■ **EXERCISE OBJECTIVE**
When you find the line with "#222=CARTESIAN_POINT('',(-6.9999999999998,0.,1.50000000000052));" among the records below, reproduce it and each line after it exactly, ending with the line with "#273=EDGE_LOOP('',(#272));".

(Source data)
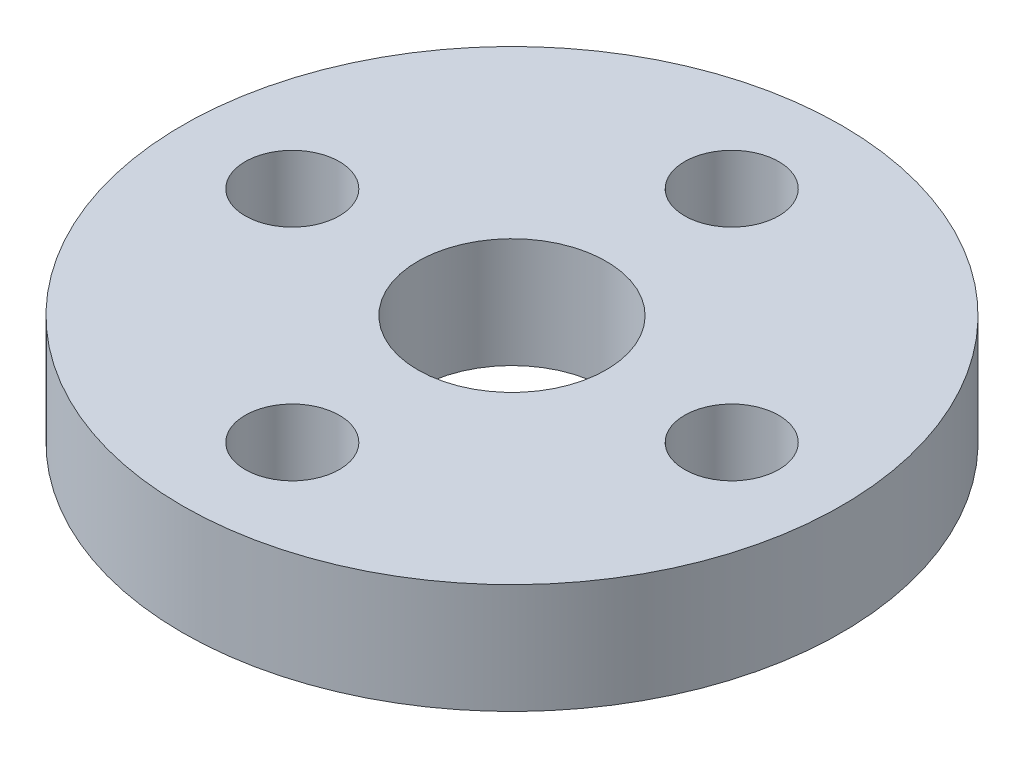
ISO-10303-21;
HEADER;
FILE_DESCRIPTION(('STEP AP214'),'2;1');
FILE_NAME('part.step','',(''),(''),'','','');
FILE_SCHEMA(('AUTOMOTIVE_DESIGN { 1 0 10303 214 1 1 1 1 }'));
ENDSEC;
DATA;
#1=APPLICATION_CONTEXT('core data for automotive mechanical design processes');
#2=APPLICATION_PROTOCOL_DEFINITION('international standard','automotive_design',2000,#1);
#3=PRODUCT_CONTEXT('',#1,'mechanical');
#4=PRODUCT('Part','Part','',(#3));
#5=PRODUCT_RELATED_PRODUCT_CATEGORY('part','',(#4));
#6=PRODUCT_DEFINITION_FORMATION('','',#4);
#7=PRODUCT_DEFINITION_CONTEXT('part definition',#1,'design');
#8=PRODUCT_DEFINITION('design','',#6,#7);
#9=PRODUCT_DEFINITION_SHAPE('','',#8);
#10=(LENGTH_UNIT() NAMED_UNIT(*) SI_UNIT(.MILLI.,.METRE.));
#11=(NAMED_UNIT(*) PLANE_ANGLE_UNIT() SI_UNIT($,.RADIAN.));
#12=(NAMED_UNIT(*) SI_UNIT($,.STERADIAN.) SOLID_ANGLE_UNIT());
#13=UNCERTAINTY_MEASURE_WITH_UNIT(LENGTH_MEASURE(1.E-05),#10,'distance_accuracy_value','');
#14=(GEOMETRIC_REPRESENTATION_CONTEXT(3) GLOBAL_UNCERTAINTY_ASSIGNED_CONTEXT((#13)) GLOBAL_UNIT_ASSIGNED_CONTEXT((#10,
#11,#12)) REPRESENTATION_CONTEXT('',''));
#15=CARTESIAN_POINT('',(0.,0.,0.));
#16=DIRECTION('',(0.,0.,1.));
#17=DIRECTION('',(1.,0.,0.));
#18=AXIS2_PLACEMENT_3D('',#15,#16,#17);
#19=CARTESIAN_POINT('',(0.,3.5,0.));
#20=DIRECTION('',(0.,-1.,0.));
#21=DIRECTION('',(0.,0.,-1.));
#22=AXIS2_PLACEMENT_3D('',#19,#20,#21);
#23=CYLINDRICAL_SURFACE('',#22,10.5);
#24=CARTESIAN_POINT('',(0.,3.5,0.));
#25=DIRECTION('',(0.,1.,0.));
#26=DIRECTION('',(0.,0.,1.));
#27=AXIS2_PLACEMENT_3D('',#24,#25,#26);
#28=CIRCLE('',#27,10.5);
#29=CARTESIAN_POINT('',(0.,3.5,-10.5));
#30=VERTEX_POINT('',#29);
#31=EDGE_CURVE('E10',#30,#30,#28,.T.);
#32=CARTESIAN_POINT('',(0.,0.,0.));
#33=DIRECTION('',(0.,1.,0.));
#34=DIRECTION('',(0.,0.,1.));
#35=AXIS2_PLACEMENT_3D('',#32,#33,#34);
#36=CIRCLE('',#35,10.5);
#37=CARTESIAN_POINT('',(0.,0.,-10.5));
#38=VERTEX_POINT('',#37);
#39=EDGE_CURVE('E42',#38,#38,#36,.T.);
#40=CARTESIAN_POINT('',(0.,3.5,-10.5));
#41=CARTESIAN_POINT('',(0.,3.46354166666667,-10.5));
#42=CARTESIAN_POINT('',(0.,3.42708333333333,-10.5));
#43=CARTESIAN_POINT('',(0.,3.35416666666667,-10.5));
#44=CARTESIAN_POINT('',(0.,3.31770833333333,-10.5));
#45=CARTESIAN_POINT('',(0.,3.24479166666667,-10.5));
#46=CARTESIAN_POINT('',(0.,3.20833333333333,-10.5));
#47=CARTESIAN_POINT('',(0.,3.13541666666667,-10.5));
#48=CARTESIAN_POINT('',(0.,3.09895833333333,-10.5));
#49=CARTESIAN_POINT('',(0.,3.02604166666667,-10.5));
#50=CARTESIAN_POINT('',(0.,2.98958333333333,-10.5));
#51=CARTESIAN_POINT('',(0.,2.91666666666667,-10.5));
#52=CARTESIAN_POINT('',(0.,2.88020833333333,-10.5));
#53=CARTESIAN_POINT('',(0.,2.80729166666667,-10.5));
#54=CARTESIAN_POINT('',(0.,2.77083333333333,-10.5));
#55=CARTESIAN_POINT('',(0.,2.69791666666667,-10.5));
#56=CARTESIAN_POINT('',(0.,2.66145833333333,-10.5));
#57=CARTESIAN_POINT('',(0.,2.58854166666667,-10.5));
#58=CARTESIAN_POINT('',(0.,2.55208333333333,-10.5));
#59=CARTESIAN_POINT('',(0.,2.47916666666667,-10.5));
#60=CARTESIAN_POINT('',(0.,2.44270833333333,-10.5));
#61=CARTESIAN_POINT('',(0.,2.36979166666667,-10.5));
#62=CARTESIAN_POINT('',(0.,2.33333333333333,-10.5));
#63=CARTESIAN_POINT('',(0.,2.26041666666667,-10.5));
#64=CARTESIAN_POINT('',(0.,2.22395833333333,-10.5));
#65=CARTESIAN_POINT('',(0.,2.15104166666667,-10.5));
#66=CARTESIAN_POINT('',(0.,2.11458333333333,-10.5));
#67=CARTESIAN_POINT('',(0.,2.04166666666667,-10.5));
#68=CARTESIAN_POINT('',(0.,2.00520833333333,-10.5));
#69=CARTESIAN_POINT('',(0.,1.93229166666667,-10.5));
#70=CARTESIAN_POINT('',(0.,1.89583333333333,-10.5));
#71=CARTESIAN_POINT('',(0.,1.82291666666667,-10.5));
#72=CARTESIAN_POINT('',(0.,1.78645833333333,-10.5));
#73=CARTESIAN_POINT('',(0.,1.71354166666667,-10.5));
#74=CARTESIAN_POINT('',(0.,1.67708333333333,-10.5));
#75=CARTESIAN_POINT('',(0.,1.60416666666667,-10.5));
#76=CARTESIAN_POINT('',(0.,1.56770833333333,-10.5));
#77=CARTESIAN_POINT('',(0.,1.49479166666667,-10.5));
#78=CARTESIAN_POINT('',(0.,1.45833333333333,-10.5));
#79=CARTESIAN_POINT('',(0.,1.38541666666667,-10.5));
#80=CARTESIAN_POINT('',(0.,1.34895833333333,-10.5));
#81=CARTESIAN_POINT('',(0.,1.27604166666667,-10.5));
#82=CARTESIAN_POINT('',(0.,1.23958333333333,-10.5));
#83=CARTESIAN_POINT('',(0.,1.16666666666667,-10.5));
#84=CARTESIAN_POINT('',(0.,1.13020833333333,-10.5));
#85=CARTESIAN_POINT('',(0.,1.05729166666667,-10.5));
#86=CARTESIAN_POINT('',(0.,1.02083333333333,-10.5));
#87=CARTESIAN_POINT('',(0.,0.947916666666666,-10.5));
#88=CARTESIAN_POINT('',(0.,0.911458333333333,-10.5));
#89=CARTESIAN_POINT('',(0.,0.838541666666666,-10.5));
#90=CARTESIAN_POINT('',(0.,0.802083333333333,-10.5));
#91=CARTESIAN_POINT('',(0.,0.729166666666667,-10.5));
#92=CARTESIAN_POINT('',(0.,0.692708333333333,-10.5));
#93=CARTESIAN_POINT('',(0.,0.619791666666666,-10.5));
#94=CARTESIAN_POINT('',(0.,0.583333333333333,-10.5));
#95=CARTESIAN_POINT('',(0.,0.510416666666666,-10.5));
#96=CARTESIAN_POINT('',(0.,0.473958333333333,-10.5));
#97=CARTESIAN_POINT('',(0.,0.401041666666666,-10.5));
#98=CARTESIAN_POINT('',(0.,0.364583333333333,-10.5));
#99=CARTESIAN_POINT('',(0.,0.291666666666666,-10.5));
#100=CARTESIAN_POINT('',(0.,0.255208333333333,-10.5));
#101=CARTESIAN_POINT('',(0.,0.182291666666666,-10.5));
#102=CARTESIAN_POINT('',(0.,0.145833333333333,-10.5));
#103=CARTESIAN_POINT('',(0.,0.0729166666666663,-10.5));
#104=CARTESIAN_POINT('',(0.,0.0364583333333329,-10.5));
#105=CARTESIAN_POINT('',(0.,0.,-10.5));
#106=B_SPLINE_CURVE_WITH_KNOTS('',3,(#40,#41,#42,#43,#44,#45,#46,#47,#48,#49,#50,#51,#52,#53,
#54,#55,#56,#57,#58,#59,#60,#61,#62,#63,#64,#65,#66,#67,#68,#69,#70,#71,#72,#73,#74,#75,#76,#77,
#78,#79,#80,#81,#82,#83,#84,#85,#86,#87,#88,#89,#90,#91,#92,#93,#94,#95,#96,#97,#98,#99,#100,
#101,#102,#103,#104,#105),.UNSPECIFIED.,.F.,.F.,(4,2,2,2,2,2,2,2,2,2,2,2,2,2,2,2,2,2,2,2,2,2,2,
2,2,2,2,2,2,2,2,2,4),(0.,0.109375,0.21875,0.328125,0.4375,0.546875,0.65625,0.765625,0.875,
0.984375,1.09375,1.203125,1.3125,1.421875,1.53125,1.640625,1.75,1.859375,1.96875,2.078125,
2.1875,2.296875,2.40625,2.515625,2.625,2.734375,2.84375,2.953125,3.0625,3.171875,3.28125,
3.390625,3.5),.UNSPECIFIED.);
#107=EDGE_CURVE('BSEAM35',#30,#38,#106,.T.);
#108=ORIENTED_EDGE('',*,*,#31,.F.);
#109=ORIENTED_EDGE('',*,*,#39,.T.);
#110=ORIENTED_EDGE('',*,*,#107,.T.);
#111=ORIENTED_EDGE('',*,*,#107,.F.);
#112=EDGE_LOOP('',(#108,#110,#109,#111));
#113=FACE_BOUND('',#112,.T.);
#114=ADVANCED_FACE('F35',(#113),#23,.T.);
#115=CARTESIAN_POINT('',(0.,3.5,0.));
#116=DIRECTION('',(0.,1.,0.));
#117=DIRECTION('',(0.,0.,1.));
#118=AXIS2_PLACEMENT_3D('',#115,#116,#117);
#119=PLANE('',#118);
#120=CARTESIAN_POINT('',(0.,3.5,-7.));
#121=DIRECTION('',(0.,1.,0.));
#122=DIRECTION('',(0.,0.,1.));
#123=AXIS2_PLACEMENT_3D('',#120,#121,#122);
#124=CIRCLE('',#123,1.5);
#125=CARTESIAN_POINT('',(0.,3.5,-5.5));
#126=VERTEX_POINT('',#125);
#127=EDGE_CURVE('E111',#126,#126,#124,.T.);
#128=ORIENTED_EDGE('',*,*,#127,.F.);
#129=EDGE_LOOP('',(#128));
#130=FACE_BOUND('',#129,.T.);
#131=CARTESIAN_POINT('',(7.0000000000002,3.5,-1.98094713253425E-13));
#132=DIRECTION('',(0.,1.,0.));
#133=DIRECTION('',(0.,0.,1.));
#134=AXIS2_PLACEMENT_3D('',#131,#132,#133);
#135=CIRCLE('',#134,1.50000000000015);
#136=CARTESIAN_POINT('',(7.0000000000002,3.5,1.49999999999996));
#137=VERTEX_POINT('',#136);
#138=EDGE_CURVE('E112',#137,#137,#135,.T.);
#139=ORIENTED_EDGE('',*,*,#138,.F.);
#140=EDGE_LOOP('',(#139));
#141=FACE_BOUND('',#140,.T.);
#142=CARTESIAN_POINT('',(3.9618942650685E-13,3.5,7.));
#143=DIRECTION('',(0.,1.,0.));
#144=DIRECTION('',(0.,0.,1.));
#145=AXIS2_PLACEMENT_3D('',#142,#143,#144);
#146=CIRCLE('',#145,1.50000000000043);
#147=CARTESIAN_POINT('',(3.9618942650685E-13,3.5,8.50000000000043));
#148=VERTEX_POINT('',#147);
#149=EDGE_CURVE('E116',#148,#148,#146,.T.);
#150=ORIENTED_EDGE('',*,*,#149,.F.);
#151=EDGE_LOOP('',(#150));
#152=FACE_BOUND('',#151,.T.);
#153=CARTESIAN_POINT('',(-6.9999999999998,3.5,1.98951966012828E-13));
#154=DIRECTION('',(0.,1.,0.));
#155=DIRECTION('',(0.,0.,1.));
#156=AXIS2_PLACEMENT_3D('',#153,#154,#155);
#157=CIRCLE('',#156,1.50000000000032);
#158=CARTESIAN_POINT('',(-6.9999999999998,3.5,1.50000000000052));
#159=VERTEX_POINT('',#158);
#160=EDGE_CURVE('E118',#159,#159,#157,.T.);
#161=ORIENTED_EDGE('',*,*,#160,.F.);
#162=EDGE_LOOP('',(#161));
#163=FACE_BOUND('',#162,.T.);
#164=CARTESIAN_POINT('',(0.,3.5,0.));
#165=DIRECTION('',(0.,1.,0.));
#166=DIRECTION('',(0.,0.,1.));
#167=AXIS2_PLACEMENT_3D('',#164,#165,#166);
#168=CIRCLE('',#167,3.);
#169=CARTESIAN_POINT('',(0.,3.5,3.));
#170=VERTEX_POINT('',#169);
#171=EDGE_CURVE('E49',#170,#170,#168,.T.);
#172=ORIENTED_EDGE('',*,*,#171,.F.);
#173=EDGE_LOOP('',(#172));
#174=FACE_BOUND('',#173,.T.);
#175=ORIENTED_EDGE('',*,*,#31,.T.);
#176=EDGE_LOOP('',(#175));
#177=FACE_BOUND('',#176,.T.);
#178=ADVANCED_FACE('F83',(#130,#141,#152,#163,#174,#177),#119,.T.);
#179=CARTESIAN_POINT('',(0.,0.,0.));
#180=DIRECTION('',(0.,1.,0.));
#181=DIRECTION('',(0.,0.,1.));
#182=AXIS2_PLACEMENT_3D('',#179,#180,#181);
#183=PLANE('',#182);
#184=CARTESIAN_POINT('',(0.,0.,-7.));
#185=DIRECTION('',(0.,1.,0.));
#186=DIRECTION('',(0.,0.,1.));
#187=AXIS2_PLACEMENT_3D('',#184,#185,#186);
#188=CIRCLE('',#187,1.5);
#189=CARTESIAN_POINT('',(0.,0.,-5.5));
#190=VERTEX_POINT('',#189);
#191=EDGE_CURVE('E38',#190,#190,#188,.T.);
#192=ORIENTED_EDGE('',*,*,#191,.T.);
#193=EDGE_LOOP('',(#192));
#194=FACE_BOUND('',#193,.T.);
#195=CARTESIAN_POINT('',(7.0000000000002,0.,-1.98094713253425E-13));
#196=DIRECTION('',(0.,1.,0.));
#197=DIRECTION('',(0.,0.,1.));
#198=AXIS2_PLACEMENT_3D('',#195,#196,#197);
#199=CIRCLE('',#198,1.50000000000015);
#200=CARTESIAN_POINT('',(7.0000000000002,0.,1.49999999999996));
#201=VERTEX_POINT('',#200);
#202=EDGE_CURVE('E60',#201,#201,#199,.T.);
#203=ORIENTED_EDGE('',*,*,#202,.T.);
#204=EDGE_LOOP('',(#203));
#205=FACE_BOUND('',#204,.T.);
#206=CARTESIAN_POINT('',(3.9618942650685E-13,0.,7.));
#207=DIRECTION('',(0.,1.,0.));
#208=DIRECTION('',(0.,0.,1.));
#209=AXIS2_PLACEMENT_3D('',#206,#207,#208);
#210=CIRCLE('',#209,1.50000000000043);
#211=CARTESIAN_POINT('',(3.9618942650685E-13,0.,8.50000000000043));
#212=VERTEX_POINT('',#211);
#213=EDGE_CURVE('E58',#212,#212,#210,.T.);
#214=ORIENTED_EDGE('',*,*,#213,.T.);
#215=EDGE_LOOP('',(#214));
#216=FACE_BOUND('',#215,.T.);
#217=CARTESIAN_POINT('',(-6.9999999999998,0.,1.98951966012828E-13));
#218=DIRECTION('',(0.,1.,0.));
#219=DIRECTION('',(0.,0.,1.));
#220=AXIS2_PLACEMENT_3D('',#217,#218,#219);
#221=CIRCLE('',#220,1.50000000000032);
#222=CARTESIAN_POINT('',(-6.9999999999998,0.,1.50000000000052));
#223=VERTEX_POINT('',#222);
#224=EDGE_CURVE('E55',#223,#223,#221,.T.);
#225=ORIENTED_EDGE('',*,*,#224,.T.);
#226=EDGE_LOOP('',(#225));
#227=FACE_BOUND('',#226,.T.);
#228=CARTESIAN_POINT('',(0.,0.,0.));
#229=DIRECTION('',(0.,1.,0.));
#230=DIRECTION('',(0.,0.,1.));
#231=AXIS2_PLACEMENT_3D('',#228,#229,#230);
#232=CIRCLE('',#231,3.);
#233=CARTESIAN_POINT('',(0.,0.,3.));
#234=VERTEX_POINT('',#233);
#235=EDGE_CURVE('E52',#234,#234,#232,.T.);
#236=ORIENTED_EDGE('',*,*,#235,.T.);
#237=EDGE_LOOP('',(#236));
#238=FACE_BOUND('',#237,.T.);
#239=ORIENTED_EDGE('',*,*,#39,.F.);
#240=EDGE_LOOP('',(#239));
#241=FACE_BOUND('',#240,.T.);
#242=ADVANCED_FACE('F67',(#194,#205,#216,#227,#238,#241),#183,.F.);
#243=CARTESIAN_POINT('',(0.,-6.7,0.));
#244=DIRECTION('',(0.,1.,0.));
#245=DIRECTION('',(0.,0.,1.));
#246=AXIS2_PLACEMENT_3D('',#243,#244,#245);
#247=CYLINDRICAL_SURFACE('',#246,3.);
#248=ORIENTED_EDGE('',*,*,#171,.T.);
#249=EDGE_LOOP('',(#248));
#250=FACE_BOUND('',#249,.T.);
#251=ORIENTED_EDGE('',*,*,#235,.F.);
#252=EDGE_LOOP('',(#251));
#253=FACE_BOUND('',#252,.T.);
#254=ADVANCED_FACE('F94',(#250,#253),#247,.F.);
#255=CARTESIAN_POINT('',(-6.9999999999998,-6.7,1.98951966012828E-13));
#256=DIRECTION('',(0.,1.,0.));
#257=DIRECTION('',(0.,0.,1.));
#258=AXIS2_PLACEMENT_3D('',#255,#256,#257);
#259=CYLINDRICAL_SURFACE('',#258,1.50000000000032);
#260=ORIENTED_EDGE('',*,*,#160,.T.);
#261=EDGE_LOOP('',(#260));
#262=FACE_BOUND('',#261,.T.);
#263=ORIENTED_EDGE('',*,*,#224,.F.);
#264=EDGE_LOOP('',(#263));
#265=FACE_BOUND('',#264,.T.);
#266=ADVANCED_FACE('F98',(#262,#265),#259,.F.);
#267=CARTESIAN_POINT('',(3.9618942650685E-13,-6.7,7.));
#268=DIRECTION('',(0.,1.,0.));
#269=DIRECTION('',(0.,0.,1.));
#270=AXIS2_PLACEMENT_3D('',#267,#268,#269);
#271=CYLINDRICAL_SURFACE('',#270,1.50000000000043);
#272=ORIENTED_EDGE('',*,*,#149,.T.);
#273=EDGE_LOOP('',(#272));
#274=FACE_BOUND('',#273,.T.);
#275=ORIENTED_EDGE('',*,*,#213,.F.);
#276=EDGE_LOOP('',(#275));
#277=FACE_BOUND('',#276,.T.);
#278=ADVANCED_FACE('F77',(#274,#277),#271,.F.);
#279=CARTESIAN_POINT('',(7.0000000000002,-6.7,-1.98094713253425E-13));
#280=DIRECTION('',(0.,1.,0.));
#281=DIRECTION('',(0.,0.,1.));
#282=AXIS2_PLACEMENT_3D('',#279,#280,#281);
#283=CYLINDRICAL_SURFACE('',#282,1.50000000000015);
#284=ORIENTED_EDGE('',*,*,#138,.T.);
#285=EDGE_LOOP('',(#284));
#286=FACE_BOUND('',#285,.T.);
#287=ORIENTED_EDGE('',*,*,#202,.F.);
#288=EDGE_LOOP('',(#287));
#289=FACE_BOUND('',#288,.T.);
#290=ADVANCED_FACE('F71',(#286,#289),#283,.F.);
#291=CARTESIAN_POINT('',(0.,-6.7,-7.));
#292=DIRECTION('',(0.,1.,0.));
#293=DIRECTION('',(0.,0.,1.));
#294=AXIS2_PLACEMENT_3D('',#291,#292,#293);
#295=CYLINDRICAL_SURFACE('',#294,1.5);
#296=ORIENTED_EDGE('',*,*,#127,.T.);
#297=EDGE_LOOP('',(#296));
#298=FACE_BOUND('',#297,.T.);
#299=ORIENTED_EDGE('',*,*,#191,.F.);
#300=EDGE_LOOP('',(#299));
#301=FACE_BOUND('',#300,.T.);
#302=ADVANCED_FACE('F69',(#298,#301),#295,.F.);
#303=CLOSED_SHELL('',(#114,#178,#242,#254,#266,#278,#290,#302));
#304=MANIFOLD_SOLID_BREP('B2',#303);
#305=ADVANCED_BREP_SHAPE_REPRESENTATION('',(#18,#304),#14);
#306=SHAPE_DEFINITION_REPRESENTATION(#9,#305);
ENDSEC;
END-ISO-10303-21;

■ **RESULT BELOW**
#222=CARTESIAN_POINT('',(-6.9999999999998,0.,1.50000000000052));
#223=VERTEX_POINT('',#222);
#224=EDGE_CURVE('E55',#223,#223,#221,.T.);
#225=ORIENTED_EDGE('',*,*,#224,.T.);
#226=EDGE_LOOP('',(#225));
#227=FACE_BOUND('',#226,.T.);
#228=CARTESIAN_POINT('',(0.,0.,0.));
#229=DIRECTION('',(0.,1.,0.));
#230=DIRECTION('',(0.,0.,1.));
#231=AXIS2_PLACEMENT_3D('',#228,#229,#230);
#232=CIRCLE('',#231,3.);
#233=CARTESIAN_POINT('',(0.,0.,3.));
#234=VERTEX_POINT('',#233);
#235=EDGE_CURVE('E52',#234,#234,#232,.T.);
#236=ORIENTED_EDGE('',*,*,#235,.T.);
#237=EDGE_LOOP('',(#236));
#238=FACE_BOUND('',#237,.T.);
#239=ORIENTED_EDGE('',*,*,#39,.F.);
#240=EDGE_LOOP('',(#239));
#241=FACE_BOUND('',#240,.T.);
#242=ADVANCED_FACE('F67',(#194,#205,#216,#227,#238,#241),#183,.F.);
#243=CARTESIAN_POINT('',(0.,-6.7,0.));
#244=DIRECTION('',(0.,1.,0.));
#245=DIRECTION('',(0.,0.,1.));
#246=AXIS2_PLACEMENT_3D('',#243,#244,#245);
#247=CYLINDRICAL_SURFACE('',#246,3.);
#248=ORIENTED_EDGE('',*,*,#171,.T.);
#249=EDGE_LOOP('',(#248));
#250=FACE_BOUND('',#249,.T.);
#251=ORIENTED_EDGE('',*,*,#235,.F.);
#252=EDGE_LOOP('',(#251));
#253=FACE_BOUND('',#252,.T.);
#254=ADVANCED_FACE('F94',(#250,#253),#247,.F.);
#255=CARTESIAN_POINT('',(-6.9999999999998,-6.7,1.98951966012828E-13));
#256=DIRECTION('',(0.,1.,0.));
#257=DIRECTION('',(0.,0.,1.));
#258=AXIS2_PLACEMENT_3D('',#255,#256,#257);
#259=CYLINDRICAL_SURFACE('',#258,1.50000000000032);
#260=ORIENTED_EDGE('',*,*,#160,.T.);
#261=EDGE_LOOP('',(#260));
#262=FACE_BOUND('',#261,.T.);
#263=ORIENTED_EDGE('',*,*,#224,.F.);
#264=EDGE_LOOP('',(#263));
#265=FACE_BOUND('',#264,.T.);
#266=ADVANCED_FACE('F98',(#262,#265),#259,.F.);
#267=CARTESIAN_POINT('',(3.9618942650685E-13,-6.7,7.));
#268=DIRECTION('',(0.,1.,0.));
#269=DIRECTION('',(0.,0.,1.));
#270=AXIS2_PLACEMENT_3D('',#267,#268,#269);
#271=CYLINDRICAL_SURFACE('',#270,1.50000000000043);
#272=ORIENTED_EDGE('',*,*,#149,.T.);
#273=EDGE_LOOP('',(#272));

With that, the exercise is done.